ACTIVITY: Write out, from the entries below, exactly the lines that run between the lines holding "#136=LINE('',#135,#134);" and "#147=PLANE('',#146);", inclusive, and stop there.

DATASET EXCERPTS:
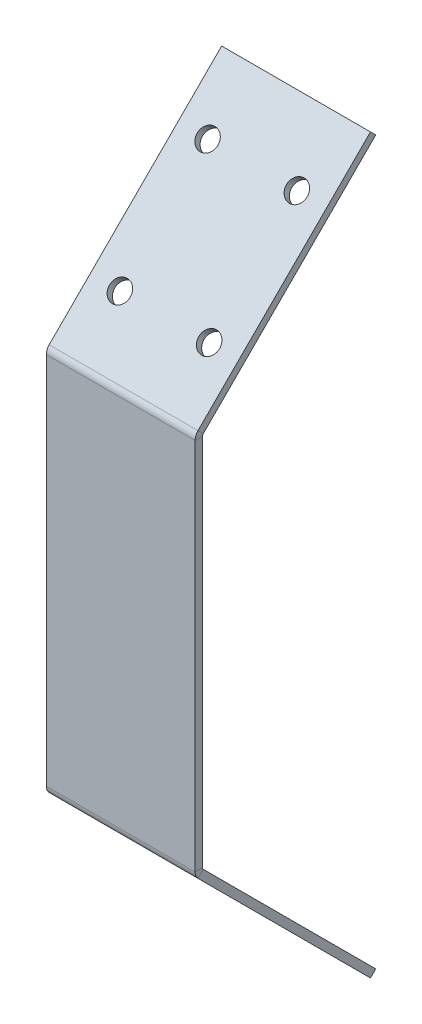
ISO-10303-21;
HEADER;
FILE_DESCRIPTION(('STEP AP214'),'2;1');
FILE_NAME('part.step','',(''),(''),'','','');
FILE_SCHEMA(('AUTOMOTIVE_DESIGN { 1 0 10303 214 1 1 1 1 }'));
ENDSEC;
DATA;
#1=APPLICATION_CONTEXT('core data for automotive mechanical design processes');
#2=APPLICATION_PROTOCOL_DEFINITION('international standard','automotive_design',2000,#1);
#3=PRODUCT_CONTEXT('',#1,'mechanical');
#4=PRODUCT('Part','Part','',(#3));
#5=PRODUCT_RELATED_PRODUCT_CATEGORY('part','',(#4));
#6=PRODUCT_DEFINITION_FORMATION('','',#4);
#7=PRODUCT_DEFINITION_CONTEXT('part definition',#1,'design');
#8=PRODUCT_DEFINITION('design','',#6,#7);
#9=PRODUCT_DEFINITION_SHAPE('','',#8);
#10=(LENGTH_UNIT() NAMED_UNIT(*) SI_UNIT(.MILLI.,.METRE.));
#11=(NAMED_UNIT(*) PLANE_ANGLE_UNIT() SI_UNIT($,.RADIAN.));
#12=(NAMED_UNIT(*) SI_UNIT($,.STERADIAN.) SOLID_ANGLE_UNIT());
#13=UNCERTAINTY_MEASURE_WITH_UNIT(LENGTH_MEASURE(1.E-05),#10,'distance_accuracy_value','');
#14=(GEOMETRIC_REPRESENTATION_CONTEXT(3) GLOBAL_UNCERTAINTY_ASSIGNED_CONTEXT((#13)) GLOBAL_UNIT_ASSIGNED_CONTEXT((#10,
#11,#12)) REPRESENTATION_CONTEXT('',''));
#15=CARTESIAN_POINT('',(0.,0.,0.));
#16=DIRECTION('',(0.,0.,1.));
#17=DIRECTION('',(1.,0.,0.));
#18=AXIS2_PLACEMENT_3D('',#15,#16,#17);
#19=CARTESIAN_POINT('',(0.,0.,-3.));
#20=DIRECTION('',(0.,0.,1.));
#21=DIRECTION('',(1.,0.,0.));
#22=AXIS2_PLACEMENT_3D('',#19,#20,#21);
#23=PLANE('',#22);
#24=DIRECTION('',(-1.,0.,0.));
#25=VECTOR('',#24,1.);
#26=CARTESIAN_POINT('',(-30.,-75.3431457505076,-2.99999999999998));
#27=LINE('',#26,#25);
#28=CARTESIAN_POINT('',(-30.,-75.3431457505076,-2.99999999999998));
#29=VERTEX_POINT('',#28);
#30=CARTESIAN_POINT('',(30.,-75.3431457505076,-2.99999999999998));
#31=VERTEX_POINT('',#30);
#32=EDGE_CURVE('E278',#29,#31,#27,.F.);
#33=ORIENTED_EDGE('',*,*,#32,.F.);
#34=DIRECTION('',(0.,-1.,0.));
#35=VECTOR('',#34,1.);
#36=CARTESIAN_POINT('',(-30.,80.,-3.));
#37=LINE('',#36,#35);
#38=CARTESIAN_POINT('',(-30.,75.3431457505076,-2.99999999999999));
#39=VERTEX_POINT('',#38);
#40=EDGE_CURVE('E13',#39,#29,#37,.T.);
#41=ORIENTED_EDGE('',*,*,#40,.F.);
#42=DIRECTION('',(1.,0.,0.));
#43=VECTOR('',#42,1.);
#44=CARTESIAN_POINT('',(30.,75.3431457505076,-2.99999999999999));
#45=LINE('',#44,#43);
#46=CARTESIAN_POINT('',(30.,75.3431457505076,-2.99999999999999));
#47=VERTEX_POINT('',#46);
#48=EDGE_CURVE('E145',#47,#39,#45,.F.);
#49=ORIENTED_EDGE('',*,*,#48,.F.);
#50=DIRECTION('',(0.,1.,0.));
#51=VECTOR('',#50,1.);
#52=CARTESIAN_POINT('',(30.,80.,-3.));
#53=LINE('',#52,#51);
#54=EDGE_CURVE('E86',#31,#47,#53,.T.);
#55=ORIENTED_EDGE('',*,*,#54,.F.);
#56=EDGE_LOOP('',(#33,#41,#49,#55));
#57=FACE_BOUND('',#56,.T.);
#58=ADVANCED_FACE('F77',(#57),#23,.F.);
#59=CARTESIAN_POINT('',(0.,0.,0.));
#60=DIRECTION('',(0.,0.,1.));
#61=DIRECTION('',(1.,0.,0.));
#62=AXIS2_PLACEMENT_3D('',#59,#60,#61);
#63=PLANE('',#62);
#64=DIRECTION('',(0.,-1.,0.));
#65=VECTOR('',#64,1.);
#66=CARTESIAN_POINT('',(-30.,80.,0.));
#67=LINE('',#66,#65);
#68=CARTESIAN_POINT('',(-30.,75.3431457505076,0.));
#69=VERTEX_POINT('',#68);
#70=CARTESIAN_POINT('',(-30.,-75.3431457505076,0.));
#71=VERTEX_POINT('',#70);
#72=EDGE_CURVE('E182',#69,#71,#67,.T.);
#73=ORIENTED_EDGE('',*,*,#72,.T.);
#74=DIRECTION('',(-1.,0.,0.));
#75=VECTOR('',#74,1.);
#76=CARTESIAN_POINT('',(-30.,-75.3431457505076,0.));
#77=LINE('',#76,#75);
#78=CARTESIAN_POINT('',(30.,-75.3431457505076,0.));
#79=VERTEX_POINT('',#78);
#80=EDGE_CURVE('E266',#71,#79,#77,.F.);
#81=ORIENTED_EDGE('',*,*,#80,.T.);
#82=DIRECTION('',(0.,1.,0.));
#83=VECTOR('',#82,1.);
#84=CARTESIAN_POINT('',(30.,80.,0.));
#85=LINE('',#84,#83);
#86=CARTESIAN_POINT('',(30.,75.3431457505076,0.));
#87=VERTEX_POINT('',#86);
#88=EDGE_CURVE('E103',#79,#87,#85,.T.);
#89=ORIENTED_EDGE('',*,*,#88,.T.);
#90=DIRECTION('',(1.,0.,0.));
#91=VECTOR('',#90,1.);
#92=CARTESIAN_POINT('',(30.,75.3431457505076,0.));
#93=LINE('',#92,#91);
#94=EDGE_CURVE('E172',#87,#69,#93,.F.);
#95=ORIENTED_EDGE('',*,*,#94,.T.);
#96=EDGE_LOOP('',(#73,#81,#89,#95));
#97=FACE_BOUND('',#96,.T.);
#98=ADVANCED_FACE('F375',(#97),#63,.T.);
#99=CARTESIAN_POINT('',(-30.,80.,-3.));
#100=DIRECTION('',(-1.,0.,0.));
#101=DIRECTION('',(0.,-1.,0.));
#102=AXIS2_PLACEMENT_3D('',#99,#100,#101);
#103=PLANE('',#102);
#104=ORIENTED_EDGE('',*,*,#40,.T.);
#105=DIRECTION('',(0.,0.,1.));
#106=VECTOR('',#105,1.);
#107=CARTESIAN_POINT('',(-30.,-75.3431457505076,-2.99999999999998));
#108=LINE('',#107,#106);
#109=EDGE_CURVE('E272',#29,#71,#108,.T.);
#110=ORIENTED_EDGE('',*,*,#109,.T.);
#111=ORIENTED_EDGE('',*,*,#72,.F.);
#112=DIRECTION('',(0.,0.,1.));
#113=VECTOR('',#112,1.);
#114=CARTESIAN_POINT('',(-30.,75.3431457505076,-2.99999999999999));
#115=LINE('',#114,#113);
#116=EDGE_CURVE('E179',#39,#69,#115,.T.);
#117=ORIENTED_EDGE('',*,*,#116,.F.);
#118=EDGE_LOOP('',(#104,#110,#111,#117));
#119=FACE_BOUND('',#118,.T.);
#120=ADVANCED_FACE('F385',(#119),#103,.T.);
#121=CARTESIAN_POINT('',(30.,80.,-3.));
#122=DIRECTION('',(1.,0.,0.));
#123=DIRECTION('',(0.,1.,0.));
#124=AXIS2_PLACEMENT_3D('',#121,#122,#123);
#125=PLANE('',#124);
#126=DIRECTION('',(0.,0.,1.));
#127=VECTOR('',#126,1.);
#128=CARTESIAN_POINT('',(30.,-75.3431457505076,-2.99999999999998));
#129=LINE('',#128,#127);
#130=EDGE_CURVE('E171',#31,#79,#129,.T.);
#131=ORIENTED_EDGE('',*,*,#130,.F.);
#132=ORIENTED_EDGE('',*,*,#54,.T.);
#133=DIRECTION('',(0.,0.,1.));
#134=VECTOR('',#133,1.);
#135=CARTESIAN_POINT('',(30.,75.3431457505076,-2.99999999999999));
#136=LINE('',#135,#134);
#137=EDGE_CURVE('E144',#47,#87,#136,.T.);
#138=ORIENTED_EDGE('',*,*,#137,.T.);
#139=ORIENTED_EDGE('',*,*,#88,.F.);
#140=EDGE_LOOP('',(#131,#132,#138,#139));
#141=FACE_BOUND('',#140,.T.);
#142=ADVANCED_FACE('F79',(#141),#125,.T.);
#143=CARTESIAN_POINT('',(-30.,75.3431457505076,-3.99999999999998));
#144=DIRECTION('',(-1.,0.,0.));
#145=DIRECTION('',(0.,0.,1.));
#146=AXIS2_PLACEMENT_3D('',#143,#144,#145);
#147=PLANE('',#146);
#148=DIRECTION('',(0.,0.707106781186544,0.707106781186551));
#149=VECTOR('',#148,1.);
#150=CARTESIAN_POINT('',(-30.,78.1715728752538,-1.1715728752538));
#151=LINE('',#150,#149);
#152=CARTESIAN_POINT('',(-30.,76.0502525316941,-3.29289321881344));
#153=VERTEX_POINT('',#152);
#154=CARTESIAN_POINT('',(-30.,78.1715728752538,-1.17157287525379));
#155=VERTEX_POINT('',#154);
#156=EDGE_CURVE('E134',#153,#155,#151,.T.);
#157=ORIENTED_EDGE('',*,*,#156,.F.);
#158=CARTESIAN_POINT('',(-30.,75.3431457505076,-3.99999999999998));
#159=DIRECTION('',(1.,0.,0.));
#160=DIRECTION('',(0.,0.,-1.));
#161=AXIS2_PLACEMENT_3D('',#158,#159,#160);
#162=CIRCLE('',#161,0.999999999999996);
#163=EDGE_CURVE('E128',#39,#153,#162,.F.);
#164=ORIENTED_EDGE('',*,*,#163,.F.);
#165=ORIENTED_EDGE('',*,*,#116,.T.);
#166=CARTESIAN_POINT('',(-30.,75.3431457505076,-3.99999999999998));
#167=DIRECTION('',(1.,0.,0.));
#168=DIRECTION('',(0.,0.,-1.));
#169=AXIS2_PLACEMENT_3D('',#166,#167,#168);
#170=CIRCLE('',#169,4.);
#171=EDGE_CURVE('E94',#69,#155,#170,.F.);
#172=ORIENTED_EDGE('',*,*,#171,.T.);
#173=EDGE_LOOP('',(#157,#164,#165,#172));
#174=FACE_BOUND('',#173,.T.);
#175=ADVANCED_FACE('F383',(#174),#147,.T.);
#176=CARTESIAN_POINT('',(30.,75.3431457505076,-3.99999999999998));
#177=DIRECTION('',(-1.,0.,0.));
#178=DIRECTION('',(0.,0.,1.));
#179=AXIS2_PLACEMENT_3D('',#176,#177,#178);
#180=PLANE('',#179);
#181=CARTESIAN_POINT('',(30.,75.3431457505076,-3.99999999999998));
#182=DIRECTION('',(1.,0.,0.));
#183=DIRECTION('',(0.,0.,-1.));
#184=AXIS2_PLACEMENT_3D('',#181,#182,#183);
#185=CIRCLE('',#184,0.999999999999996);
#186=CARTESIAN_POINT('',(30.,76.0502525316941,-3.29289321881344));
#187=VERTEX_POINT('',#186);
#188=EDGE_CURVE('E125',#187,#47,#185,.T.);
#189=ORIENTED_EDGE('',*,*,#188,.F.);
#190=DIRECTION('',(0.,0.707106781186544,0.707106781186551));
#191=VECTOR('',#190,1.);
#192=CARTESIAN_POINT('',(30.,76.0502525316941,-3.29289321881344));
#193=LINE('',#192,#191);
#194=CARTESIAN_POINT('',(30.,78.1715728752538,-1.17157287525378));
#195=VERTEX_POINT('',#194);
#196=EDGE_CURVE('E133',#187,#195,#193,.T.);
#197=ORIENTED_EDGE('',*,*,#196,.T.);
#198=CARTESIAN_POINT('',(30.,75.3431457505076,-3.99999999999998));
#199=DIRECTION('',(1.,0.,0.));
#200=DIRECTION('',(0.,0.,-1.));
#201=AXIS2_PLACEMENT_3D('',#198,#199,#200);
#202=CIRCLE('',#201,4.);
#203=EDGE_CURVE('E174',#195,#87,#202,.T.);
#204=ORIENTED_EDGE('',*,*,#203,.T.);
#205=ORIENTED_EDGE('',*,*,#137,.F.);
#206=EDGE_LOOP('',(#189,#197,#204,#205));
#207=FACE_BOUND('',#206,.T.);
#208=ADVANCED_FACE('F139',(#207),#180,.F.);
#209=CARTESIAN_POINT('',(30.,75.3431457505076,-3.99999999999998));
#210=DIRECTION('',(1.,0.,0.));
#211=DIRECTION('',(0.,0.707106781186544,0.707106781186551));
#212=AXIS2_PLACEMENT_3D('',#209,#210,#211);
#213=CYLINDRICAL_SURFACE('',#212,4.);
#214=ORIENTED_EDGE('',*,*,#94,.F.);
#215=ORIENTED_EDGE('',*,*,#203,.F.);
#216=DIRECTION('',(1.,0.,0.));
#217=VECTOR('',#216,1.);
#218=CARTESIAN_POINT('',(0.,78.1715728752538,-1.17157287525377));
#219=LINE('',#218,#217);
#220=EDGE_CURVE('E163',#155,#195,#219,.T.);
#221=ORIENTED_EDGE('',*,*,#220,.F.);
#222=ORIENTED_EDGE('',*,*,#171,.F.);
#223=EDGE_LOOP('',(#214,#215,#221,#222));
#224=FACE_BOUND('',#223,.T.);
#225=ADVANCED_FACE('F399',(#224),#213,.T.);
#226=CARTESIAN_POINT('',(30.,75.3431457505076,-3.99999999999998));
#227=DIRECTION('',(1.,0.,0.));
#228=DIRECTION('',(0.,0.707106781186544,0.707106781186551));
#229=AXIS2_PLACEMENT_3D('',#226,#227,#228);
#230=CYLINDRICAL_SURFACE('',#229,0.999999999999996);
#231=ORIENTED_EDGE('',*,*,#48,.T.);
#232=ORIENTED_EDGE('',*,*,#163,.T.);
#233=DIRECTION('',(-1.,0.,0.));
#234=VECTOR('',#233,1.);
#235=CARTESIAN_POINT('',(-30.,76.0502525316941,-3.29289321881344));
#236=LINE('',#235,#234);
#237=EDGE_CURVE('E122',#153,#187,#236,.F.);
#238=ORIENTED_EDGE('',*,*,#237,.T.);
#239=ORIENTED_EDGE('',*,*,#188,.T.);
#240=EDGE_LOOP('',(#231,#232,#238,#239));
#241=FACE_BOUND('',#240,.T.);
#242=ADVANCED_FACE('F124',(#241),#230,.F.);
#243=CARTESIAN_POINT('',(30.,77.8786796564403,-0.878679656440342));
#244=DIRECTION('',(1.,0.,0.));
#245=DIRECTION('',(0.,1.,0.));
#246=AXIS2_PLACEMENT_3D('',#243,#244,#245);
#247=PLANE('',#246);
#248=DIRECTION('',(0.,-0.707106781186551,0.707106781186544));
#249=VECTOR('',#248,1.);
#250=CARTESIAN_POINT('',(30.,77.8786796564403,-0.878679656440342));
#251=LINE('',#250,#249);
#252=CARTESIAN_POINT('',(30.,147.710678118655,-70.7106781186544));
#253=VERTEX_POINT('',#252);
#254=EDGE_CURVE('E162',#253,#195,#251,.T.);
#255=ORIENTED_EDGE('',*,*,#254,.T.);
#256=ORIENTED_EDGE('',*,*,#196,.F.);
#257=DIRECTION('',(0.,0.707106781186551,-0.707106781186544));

ANSWER TO THE EXERCISE:
#136=LINE('',#135,#134);
#137=EDGE_CURVE('E144',#47,#87,#136,.T.);
#138=ORIENTED_EDGE('',*,*,#137,.T.);
#139=ORIENTED_EDGE('',*,*,#88,.F.);
#140=EDGE_LOOP('',(#131,#132,#138,#139));
#141=FACE_BOUND('',#140,.T.);
#142=ADVANCED_FACE('F79',(#141),#125,.T.);
#143=CARTESIAN_POINT('',(-30.,75.3431457505076,-3.99999999999998));
#144=DIRECTION('',(-1.,0.,0.));
#145=DIRECTION('',(0.,0.,1.));
#146=AXIS2_PLACEMENT_3D('',#143,#144,#145);
#147=PLANE('',#146);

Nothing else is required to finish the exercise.